La palabra “competencia” (competency) se empezó a utilizar en inglés en el siglo XVI para expresar la habilidad de hacer frente a las demandas de la vida. En latín, competentia apuntaba a la cualidad del que se hace responsable y que lucha para alcanzar un objetivo junto con otros. Aunque el currículum y los grandes organismos internacionales interesados en la cuestión proponen definiciones más descriptivas, esta perspectiva etimológica nos recuerda por qué es tan importante apostar por el desarrollo competencial en el ámbito educativo.
¿Nos hace falta un recordatorio? Seguramente, no. Gran parte del profesorado de hoy lleva oyendo hablar de competencias desde antes de pisar el aula, y cada vez son más significativos los argumentos que defienden una educación competencial. Con la LOMLOE, tenemos otro imperativo más.
¿Nos hacen falta mejores herramientas? Todo apunta a que sí. Porque reconocer que las competencias son importantes, no nos indica cómo desarrollarlas. No nos cuenta cómo acompañar el progreso del alumno, cómo recoger evidencias y cómo analizar si lo que hacemos en el aula está teniendo impacto o no. Tampoco nos dice en qué, y sobre todo de qué manera, nos hemos de formar como educadores para conseguirlo, qué tipo de liderazgo conviene ejercer en un centro o qué condiciones son necesarias para poder realizar una verdadera “transformación competencial”. Necesitamos mejores herramientas porque muchos alumnos todavía reciben una educación más parecida a la que recibieron sus profesores que a la que les prepara para la vida en el mundo de hoy.

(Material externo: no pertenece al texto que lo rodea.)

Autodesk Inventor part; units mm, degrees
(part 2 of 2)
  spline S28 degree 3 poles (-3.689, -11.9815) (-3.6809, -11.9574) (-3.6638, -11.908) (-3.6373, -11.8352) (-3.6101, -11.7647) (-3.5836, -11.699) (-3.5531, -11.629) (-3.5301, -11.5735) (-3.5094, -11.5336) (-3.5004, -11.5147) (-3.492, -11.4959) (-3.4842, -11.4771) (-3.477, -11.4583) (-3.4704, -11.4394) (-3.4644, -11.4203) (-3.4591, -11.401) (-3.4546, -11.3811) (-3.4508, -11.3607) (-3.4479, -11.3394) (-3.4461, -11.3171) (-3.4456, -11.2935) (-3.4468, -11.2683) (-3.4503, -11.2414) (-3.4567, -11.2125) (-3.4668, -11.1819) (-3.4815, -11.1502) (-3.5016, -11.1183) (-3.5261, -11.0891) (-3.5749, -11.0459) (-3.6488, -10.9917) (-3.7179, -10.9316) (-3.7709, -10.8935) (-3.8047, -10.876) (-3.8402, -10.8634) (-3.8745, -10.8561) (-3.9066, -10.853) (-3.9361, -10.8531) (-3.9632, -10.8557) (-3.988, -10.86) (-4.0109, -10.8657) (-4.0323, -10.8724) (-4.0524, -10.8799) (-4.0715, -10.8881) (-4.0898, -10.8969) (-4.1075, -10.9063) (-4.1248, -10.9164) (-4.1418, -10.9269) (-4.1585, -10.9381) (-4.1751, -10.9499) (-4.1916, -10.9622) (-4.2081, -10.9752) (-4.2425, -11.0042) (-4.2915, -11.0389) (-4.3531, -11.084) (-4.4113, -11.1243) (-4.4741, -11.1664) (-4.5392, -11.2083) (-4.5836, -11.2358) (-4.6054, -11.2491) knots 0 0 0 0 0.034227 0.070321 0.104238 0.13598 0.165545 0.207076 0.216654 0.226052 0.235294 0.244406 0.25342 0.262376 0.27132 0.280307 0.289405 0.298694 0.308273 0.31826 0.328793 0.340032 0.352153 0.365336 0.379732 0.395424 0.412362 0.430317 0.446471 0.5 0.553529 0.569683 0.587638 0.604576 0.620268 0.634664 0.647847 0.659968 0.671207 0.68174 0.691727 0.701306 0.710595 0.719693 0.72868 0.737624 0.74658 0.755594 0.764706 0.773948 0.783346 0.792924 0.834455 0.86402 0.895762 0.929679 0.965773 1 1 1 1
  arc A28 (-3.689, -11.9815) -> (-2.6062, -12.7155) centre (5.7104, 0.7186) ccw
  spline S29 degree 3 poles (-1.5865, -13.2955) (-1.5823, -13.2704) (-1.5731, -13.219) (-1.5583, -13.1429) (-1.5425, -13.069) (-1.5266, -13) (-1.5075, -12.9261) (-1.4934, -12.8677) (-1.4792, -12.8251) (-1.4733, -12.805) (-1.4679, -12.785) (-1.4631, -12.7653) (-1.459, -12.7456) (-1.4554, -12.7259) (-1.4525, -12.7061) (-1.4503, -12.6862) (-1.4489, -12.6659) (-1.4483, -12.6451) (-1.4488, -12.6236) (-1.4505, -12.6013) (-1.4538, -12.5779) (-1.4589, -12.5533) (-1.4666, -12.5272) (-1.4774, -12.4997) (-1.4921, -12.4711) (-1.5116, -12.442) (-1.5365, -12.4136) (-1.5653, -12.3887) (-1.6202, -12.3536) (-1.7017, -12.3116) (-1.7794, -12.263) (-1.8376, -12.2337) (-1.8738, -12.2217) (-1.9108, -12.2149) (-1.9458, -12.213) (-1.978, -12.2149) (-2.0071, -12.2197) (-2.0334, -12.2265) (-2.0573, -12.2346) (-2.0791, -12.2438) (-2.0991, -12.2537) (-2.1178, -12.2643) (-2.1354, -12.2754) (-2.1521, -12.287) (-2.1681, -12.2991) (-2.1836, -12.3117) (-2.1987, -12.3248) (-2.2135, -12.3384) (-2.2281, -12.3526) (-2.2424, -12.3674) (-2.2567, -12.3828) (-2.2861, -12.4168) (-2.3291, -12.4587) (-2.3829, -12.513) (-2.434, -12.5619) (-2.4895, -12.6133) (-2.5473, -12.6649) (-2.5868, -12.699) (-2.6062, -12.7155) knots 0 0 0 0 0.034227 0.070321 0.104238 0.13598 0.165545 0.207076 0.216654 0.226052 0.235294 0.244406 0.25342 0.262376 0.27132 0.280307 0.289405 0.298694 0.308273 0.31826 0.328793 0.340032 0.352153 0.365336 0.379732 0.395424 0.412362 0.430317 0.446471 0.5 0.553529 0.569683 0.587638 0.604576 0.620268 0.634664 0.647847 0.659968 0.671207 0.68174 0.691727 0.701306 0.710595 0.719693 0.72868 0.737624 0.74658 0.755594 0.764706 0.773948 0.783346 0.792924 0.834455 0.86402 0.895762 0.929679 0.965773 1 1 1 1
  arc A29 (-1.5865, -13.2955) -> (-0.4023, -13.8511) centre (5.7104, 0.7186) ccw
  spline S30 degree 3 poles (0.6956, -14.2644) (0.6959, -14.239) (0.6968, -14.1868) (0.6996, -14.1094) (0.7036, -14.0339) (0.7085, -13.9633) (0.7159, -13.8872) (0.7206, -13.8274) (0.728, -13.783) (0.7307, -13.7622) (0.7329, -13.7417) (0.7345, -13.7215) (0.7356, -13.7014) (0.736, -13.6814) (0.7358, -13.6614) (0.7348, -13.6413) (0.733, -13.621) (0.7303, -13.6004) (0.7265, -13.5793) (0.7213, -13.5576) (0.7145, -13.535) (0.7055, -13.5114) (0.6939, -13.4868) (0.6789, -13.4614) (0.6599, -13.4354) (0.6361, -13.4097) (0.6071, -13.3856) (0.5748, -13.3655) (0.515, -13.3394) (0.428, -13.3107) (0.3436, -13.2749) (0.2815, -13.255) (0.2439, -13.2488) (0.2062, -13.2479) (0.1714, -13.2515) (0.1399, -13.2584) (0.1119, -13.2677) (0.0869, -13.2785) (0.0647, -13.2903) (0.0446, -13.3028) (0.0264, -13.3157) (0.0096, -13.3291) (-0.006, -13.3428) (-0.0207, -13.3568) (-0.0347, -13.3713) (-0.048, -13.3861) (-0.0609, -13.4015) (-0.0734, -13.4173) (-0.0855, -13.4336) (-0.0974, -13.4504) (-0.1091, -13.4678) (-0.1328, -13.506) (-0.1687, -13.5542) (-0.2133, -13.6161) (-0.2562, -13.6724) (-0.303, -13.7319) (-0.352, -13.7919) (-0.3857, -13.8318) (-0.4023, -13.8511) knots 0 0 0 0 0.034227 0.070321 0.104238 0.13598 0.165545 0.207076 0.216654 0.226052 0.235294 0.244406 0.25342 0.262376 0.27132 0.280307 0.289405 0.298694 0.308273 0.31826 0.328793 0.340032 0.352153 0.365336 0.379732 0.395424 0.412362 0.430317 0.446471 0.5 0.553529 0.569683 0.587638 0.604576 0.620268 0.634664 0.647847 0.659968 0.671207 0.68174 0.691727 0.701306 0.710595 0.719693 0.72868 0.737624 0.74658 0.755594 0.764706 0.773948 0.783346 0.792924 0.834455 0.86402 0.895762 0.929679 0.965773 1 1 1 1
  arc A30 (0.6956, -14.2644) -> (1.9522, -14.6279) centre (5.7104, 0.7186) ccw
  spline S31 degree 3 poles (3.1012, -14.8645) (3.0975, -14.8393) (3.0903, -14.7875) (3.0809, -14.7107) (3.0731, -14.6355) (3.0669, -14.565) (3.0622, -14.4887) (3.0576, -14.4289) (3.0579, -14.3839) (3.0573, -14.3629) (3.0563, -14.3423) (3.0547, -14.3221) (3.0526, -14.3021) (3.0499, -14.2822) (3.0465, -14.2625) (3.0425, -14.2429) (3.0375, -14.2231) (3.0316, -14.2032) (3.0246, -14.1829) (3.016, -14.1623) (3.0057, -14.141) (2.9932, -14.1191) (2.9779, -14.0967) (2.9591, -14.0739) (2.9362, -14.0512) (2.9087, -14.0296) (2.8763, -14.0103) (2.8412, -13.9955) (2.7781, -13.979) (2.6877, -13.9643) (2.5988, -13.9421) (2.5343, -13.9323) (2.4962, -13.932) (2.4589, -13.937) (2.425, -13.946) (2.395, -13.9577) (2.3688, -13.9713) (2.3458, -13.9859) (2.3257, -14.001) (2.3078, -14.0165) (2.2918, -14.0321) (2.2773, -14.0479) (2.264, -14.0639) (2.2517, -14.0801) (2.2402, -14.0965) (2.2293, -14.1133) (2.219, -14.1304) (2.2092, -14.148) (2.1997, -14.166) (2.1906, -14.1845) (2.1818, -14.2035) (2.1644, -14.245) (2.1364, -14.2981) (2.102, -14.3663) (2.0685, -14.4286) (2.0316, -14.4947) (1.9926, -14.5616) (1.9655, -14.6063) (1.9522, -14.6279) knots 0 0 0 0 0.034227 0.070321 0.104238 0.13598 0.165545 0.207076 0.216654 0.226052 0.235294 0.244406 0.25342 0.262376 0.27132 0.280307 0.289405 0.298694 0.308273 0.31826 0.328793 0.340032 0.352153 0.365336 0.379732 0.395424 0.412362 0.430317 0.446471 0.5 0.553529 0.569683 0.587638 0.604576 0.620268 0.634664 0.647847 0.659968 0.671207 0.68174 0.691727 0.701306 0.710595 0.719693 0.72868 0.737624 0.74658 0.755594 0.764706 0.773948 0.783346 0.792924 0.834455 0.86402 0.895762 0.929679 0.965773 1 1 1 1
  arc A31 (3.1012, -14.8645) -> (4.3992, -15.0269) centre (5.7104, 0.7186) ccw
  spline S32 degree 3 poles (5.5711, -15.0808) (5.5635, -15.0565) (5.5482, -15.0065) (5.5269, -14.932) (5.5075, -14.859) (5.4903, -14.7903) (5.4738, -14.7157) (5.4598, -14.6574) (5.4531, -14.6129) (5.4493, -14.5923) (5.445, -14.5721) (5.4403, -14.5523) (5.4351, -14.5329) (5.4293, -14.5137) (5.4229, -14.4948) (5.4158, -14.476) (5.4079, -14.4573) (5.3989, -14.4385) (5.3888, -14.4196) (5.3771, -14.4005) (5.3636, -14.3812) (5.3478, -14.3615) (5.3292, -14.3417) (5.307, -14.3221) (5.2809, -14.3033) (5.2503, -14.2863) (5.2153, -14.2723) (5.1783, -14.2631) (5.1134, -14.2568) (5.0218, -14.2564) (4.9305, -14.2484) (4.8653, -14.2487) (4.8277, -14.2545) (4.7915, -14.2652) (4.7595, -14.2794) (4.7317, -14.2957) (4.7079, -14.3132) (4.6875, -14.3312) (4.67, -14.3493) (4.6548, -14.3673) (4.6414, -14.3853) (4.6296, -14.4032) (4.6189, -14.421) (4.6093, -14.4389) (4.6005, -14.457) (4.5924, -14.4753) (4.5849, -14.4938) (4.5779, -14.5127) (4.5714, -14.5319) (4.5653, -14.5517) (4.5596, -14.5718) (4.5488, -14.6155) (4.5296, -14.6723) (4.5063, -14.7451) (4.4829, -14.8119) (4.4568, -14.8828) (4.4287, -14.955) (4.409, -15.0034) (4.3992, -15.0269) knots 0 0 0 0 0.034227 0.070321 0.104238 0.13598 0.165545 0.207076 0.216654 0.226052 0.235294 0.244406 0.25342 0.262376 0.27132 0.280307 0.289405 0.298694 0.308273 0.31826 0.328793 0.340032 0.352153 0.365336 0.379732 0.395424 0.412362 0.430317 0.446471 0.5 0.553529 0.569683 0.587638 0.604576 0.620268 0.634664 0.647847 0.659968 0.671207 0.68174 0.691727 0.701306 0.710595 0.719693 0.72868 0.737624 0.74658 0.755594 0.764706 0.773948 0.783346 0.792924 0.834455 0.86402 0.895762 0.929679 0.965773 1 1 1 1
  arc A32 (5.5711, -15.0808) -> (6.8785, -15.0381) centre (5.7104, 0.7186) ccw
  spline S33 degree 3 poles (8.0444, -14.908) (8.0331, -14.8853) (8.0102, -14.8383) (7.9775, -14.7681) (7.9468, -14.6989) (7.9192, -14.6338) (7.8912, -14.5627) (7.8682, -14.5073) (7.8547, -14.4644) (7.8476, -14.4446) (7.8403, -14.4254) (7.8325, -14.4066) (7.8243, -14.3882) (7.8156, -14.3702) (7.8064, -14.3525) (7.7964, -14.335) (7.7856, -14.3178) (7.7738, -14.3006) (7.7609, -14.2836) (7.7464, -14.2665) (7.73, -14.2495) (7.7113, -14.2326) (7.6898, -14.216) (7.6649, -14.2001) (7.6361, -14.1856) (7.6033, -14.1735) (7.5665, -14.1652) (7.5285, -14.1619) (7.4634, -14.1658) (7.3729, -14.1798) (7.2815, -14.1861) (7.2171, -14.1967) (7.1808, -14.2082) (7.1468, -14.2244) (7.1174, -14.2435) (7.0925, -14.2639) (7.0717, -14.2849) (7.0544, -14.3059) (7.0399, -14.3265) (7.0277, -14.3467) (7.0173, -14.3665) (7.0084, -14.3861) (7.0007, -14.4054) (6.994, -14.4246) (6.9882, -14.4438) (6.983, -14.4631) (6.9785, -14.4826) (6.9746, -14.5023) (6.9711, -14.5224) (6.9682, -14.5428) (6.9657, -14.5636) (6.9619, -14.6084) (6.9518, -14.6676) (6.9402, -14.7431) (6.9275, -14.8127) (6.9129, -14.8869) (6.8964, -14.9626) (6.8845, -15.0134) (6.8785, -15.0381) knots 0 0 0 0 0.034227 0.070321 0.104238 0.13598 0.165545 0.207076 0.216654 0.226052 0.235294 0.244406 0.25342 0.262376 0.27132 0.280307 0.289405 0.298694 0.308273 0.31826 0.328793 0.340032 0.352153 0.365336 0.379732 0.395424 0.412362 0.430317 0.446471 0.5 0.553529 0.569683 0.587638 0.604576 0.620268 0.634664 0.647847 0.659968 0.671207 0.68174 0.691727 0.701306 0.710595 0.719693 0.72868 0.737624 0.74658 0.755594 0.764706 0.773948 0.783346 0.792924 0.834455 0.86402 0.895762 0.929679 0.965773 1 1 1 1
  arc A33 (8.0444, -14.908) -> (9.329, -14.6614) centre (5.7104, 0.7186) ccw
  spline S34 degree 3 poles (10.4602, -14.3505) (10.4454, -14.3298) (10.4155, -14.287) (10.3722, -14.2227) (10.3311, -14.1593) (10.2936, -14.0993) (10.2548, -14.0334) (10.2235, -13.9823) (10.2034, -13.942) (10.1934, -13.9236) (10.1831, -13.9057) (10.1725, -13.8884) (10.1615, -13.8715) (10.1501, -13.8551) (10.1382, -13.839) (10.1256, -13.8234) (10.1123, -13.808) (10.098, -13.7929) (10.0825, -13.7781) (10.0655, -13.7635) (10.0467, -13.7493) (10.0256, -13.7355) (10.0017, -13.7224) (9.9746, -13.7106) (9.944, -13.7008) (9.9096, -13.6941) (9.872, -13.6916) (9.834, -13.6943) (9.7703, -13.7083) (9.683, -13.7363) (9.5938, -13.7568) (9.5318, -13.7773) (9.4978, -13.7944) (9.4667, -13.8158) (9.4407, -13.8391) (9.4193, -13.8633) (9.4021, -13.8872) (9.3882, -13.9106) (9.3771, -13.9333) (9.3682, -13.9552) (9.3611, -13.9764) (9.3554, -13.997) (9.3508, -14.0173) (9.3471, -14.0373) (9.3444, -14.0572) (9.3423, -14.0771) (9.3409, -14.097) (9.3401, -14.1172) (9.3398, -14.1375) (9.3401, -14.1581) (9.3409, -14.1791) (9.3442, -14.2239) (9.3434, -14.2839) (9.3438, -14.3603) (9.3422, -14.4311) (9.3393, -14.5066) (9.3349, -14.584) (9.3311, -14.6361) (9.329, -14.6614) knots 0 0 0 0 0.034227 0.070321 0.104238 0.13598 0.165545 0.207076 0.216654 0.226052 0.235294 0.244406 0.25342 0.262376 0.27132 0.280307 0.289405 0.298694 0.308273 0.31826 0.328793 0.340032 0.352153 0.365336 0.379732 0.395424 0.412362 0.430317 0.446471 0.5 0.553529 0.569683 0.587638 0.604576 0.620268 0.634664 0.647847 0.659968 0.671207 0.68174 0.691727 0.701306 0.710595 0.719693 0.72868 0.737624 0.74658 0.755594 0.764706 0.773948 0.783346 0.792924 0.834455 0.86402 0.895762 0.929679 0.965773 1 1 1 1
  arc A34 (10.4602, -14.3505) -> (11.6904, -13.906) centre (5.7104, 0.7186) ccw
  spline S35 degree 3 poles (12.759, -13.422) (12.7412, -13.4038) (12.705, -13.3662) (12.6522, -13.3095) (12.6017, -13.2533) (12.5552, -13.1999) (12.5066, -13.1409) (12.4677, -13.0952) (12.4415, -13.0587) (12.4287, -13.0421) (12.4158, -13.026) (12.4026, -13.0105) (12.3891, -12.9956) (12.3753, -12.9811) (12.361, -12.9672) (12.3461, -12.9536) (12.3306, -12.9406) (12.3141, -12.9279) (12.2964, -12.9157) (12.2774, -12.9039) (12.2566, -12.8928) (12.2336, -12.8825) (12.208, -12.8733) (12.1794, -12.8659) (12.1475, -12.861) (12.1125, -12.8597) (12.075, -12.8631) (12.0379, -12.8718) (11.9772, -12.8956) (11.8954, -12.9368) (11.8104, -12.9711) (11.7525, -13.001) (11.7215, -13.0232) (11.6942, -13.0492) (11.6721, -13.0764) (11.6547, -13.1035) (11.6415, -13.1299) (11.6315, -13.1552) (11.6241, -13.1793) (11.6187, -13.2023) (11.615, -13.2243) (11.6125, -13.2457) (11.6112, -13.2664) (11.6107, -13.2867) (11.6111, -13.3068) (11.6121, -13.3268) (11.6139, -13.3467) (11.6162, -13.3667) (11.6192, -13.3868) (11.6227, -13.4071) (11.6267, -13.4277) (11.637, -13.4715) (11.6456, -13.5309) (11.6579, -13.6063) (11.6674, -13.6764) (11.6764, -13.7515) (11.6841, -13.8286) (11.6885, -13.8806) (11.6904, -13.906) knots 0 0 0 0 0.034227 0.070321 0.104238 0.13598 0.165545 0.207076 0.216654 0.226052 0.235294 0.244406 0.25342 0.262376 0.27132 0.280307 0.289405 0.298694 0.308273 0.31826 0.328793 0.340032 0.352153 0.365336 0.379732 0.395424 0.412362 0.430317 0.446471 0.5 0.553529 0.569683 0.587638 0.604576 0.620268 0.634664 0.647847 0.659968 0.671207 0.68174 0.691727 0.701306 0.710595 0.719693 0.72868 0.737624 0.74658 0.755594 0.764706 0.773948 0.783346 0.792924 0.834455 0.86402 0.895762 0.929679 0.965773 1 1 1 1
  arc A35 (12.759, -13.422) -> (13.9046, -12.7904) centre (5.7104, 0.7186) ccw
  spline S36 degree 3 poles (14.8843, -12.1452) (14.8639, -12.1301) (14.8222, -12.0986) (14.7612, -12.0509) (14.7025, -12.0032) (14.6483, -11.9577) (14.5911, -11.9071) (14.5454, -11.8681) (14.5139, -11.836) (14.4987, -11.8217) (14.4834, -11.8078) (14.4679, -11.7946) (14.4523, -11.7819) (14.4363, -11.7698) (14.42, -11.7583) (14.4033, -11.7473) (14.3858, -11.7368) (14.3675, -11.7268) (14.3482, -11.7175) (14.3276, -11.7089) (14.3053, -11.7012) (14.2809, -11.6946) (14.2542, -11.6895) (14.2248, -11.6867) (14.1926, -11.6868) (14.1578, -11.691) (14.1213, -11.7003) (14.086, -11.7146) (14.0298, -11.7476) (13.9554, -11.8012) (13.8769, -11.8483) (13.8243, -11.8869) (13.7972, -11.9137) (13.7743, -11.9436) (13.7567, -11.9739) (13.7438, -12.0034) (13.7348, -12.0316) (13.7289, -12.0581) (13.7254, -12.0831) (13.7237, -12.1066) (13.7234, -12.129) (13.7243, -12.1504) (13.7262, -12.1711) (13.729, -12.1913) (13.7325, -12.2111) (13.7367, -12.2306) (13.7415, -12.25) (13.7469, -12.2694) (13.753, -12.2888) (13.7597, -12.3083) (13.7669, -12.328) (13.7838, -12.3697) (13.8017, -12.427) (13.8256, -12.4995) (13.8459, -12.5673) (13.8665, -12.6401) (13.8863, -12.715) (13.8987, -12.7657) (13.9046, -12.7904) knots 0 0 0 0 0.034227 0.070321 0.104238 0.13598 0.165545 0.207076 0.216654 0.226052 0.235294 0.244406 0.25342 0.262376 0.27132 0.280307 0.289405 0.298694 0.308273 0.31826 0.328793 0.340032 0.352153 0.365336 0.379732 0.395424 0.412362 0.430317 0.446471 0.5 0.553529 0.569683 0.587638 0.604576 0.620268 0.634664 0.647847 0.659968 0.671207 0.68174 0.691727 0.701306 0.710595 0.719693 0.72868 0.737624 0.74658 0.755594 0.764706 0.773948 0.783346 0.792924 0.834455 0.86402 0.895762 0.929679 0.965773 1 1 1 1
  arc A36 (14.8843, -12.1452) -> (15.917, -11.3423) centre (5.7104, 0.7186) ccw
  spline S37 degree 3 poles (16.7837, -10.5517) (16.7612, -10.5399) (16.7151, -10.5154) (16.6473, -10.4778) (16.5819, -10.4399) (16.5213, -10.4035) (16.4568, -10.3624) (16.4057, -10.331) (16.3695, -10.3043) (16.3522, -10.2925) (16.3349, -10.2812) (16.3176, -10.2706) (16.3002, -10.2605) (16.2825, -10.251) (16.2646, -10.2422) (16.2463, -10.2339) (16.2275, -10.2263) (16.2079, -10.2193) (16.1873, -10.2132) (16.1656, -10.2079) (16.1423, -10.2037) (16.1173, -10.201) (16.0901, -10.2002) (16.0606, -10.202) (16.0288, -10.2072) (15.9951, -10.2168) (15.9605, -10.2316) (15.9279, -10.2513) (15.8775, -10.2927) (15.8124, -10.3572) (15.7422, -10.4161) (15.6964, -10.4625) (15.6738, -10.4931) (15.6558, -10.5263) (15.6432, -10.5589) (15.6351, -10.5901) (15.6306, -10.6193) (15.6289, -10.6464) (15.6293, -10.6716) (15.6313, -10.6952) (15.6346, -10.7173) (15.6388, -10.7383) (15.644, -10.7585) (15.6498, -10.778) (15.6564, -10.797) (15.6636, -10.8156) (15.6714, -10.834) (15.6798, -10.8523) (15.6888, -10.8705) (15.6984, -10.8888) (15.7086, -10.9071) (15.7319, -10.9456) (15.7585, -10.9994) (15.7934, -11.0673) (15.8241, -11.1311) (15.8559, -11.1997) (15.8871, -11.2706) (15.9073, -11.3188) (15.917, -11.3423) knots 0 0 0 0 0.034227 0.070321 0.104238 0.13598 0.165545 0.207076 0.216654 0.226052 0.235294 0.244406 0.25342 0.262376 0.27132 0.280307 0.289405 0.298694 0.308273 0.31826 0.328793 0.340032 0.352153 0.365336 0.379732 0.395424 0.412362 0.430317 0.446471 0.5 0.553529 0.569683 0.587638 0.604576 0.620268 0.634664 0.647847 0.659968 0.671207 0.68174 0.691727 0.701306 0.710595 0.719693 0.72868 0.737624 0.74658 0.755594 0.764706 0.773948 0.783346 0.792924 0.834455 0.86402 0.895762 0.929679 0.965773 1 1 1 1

Nombrar las competencias es fácil. Pero, ¿sabemos reconocer los comportamientos y actitudes que dan testimonio de la competencia en acción? Cada competencia es un constructo de dimensiones y subcompetencias variadas. Si queremos evaluar al alumnado en su desarrollo competencial y darle un feedback de calidad que le ayude a dar el próximo paso, el profesorado también debería participar en la reflexión sobre qué significa realmente cada competencia y cómo se reconocen sus diferentes niveles de adquisición.
Tener esta conciencia del objetivo a alcanzar (juntos, como responsabilidad compartida), ayuda a encontrar los cómos. Esto, unido a una buena planificación para la recogida de evidencias y su análisis, que permite saber en qué medida el trabajo que se realiza en el aula está siendo eficaz, es lo que dibuja el mapa y nos ayuda a corregir y calibrar el recorrido.
Nuestra intuición profesional es una fuente valiosa de información, pero es imperfecta y no puede ser la fuente única. ¡Seamos verdaderos investigadores de nuestra profesión!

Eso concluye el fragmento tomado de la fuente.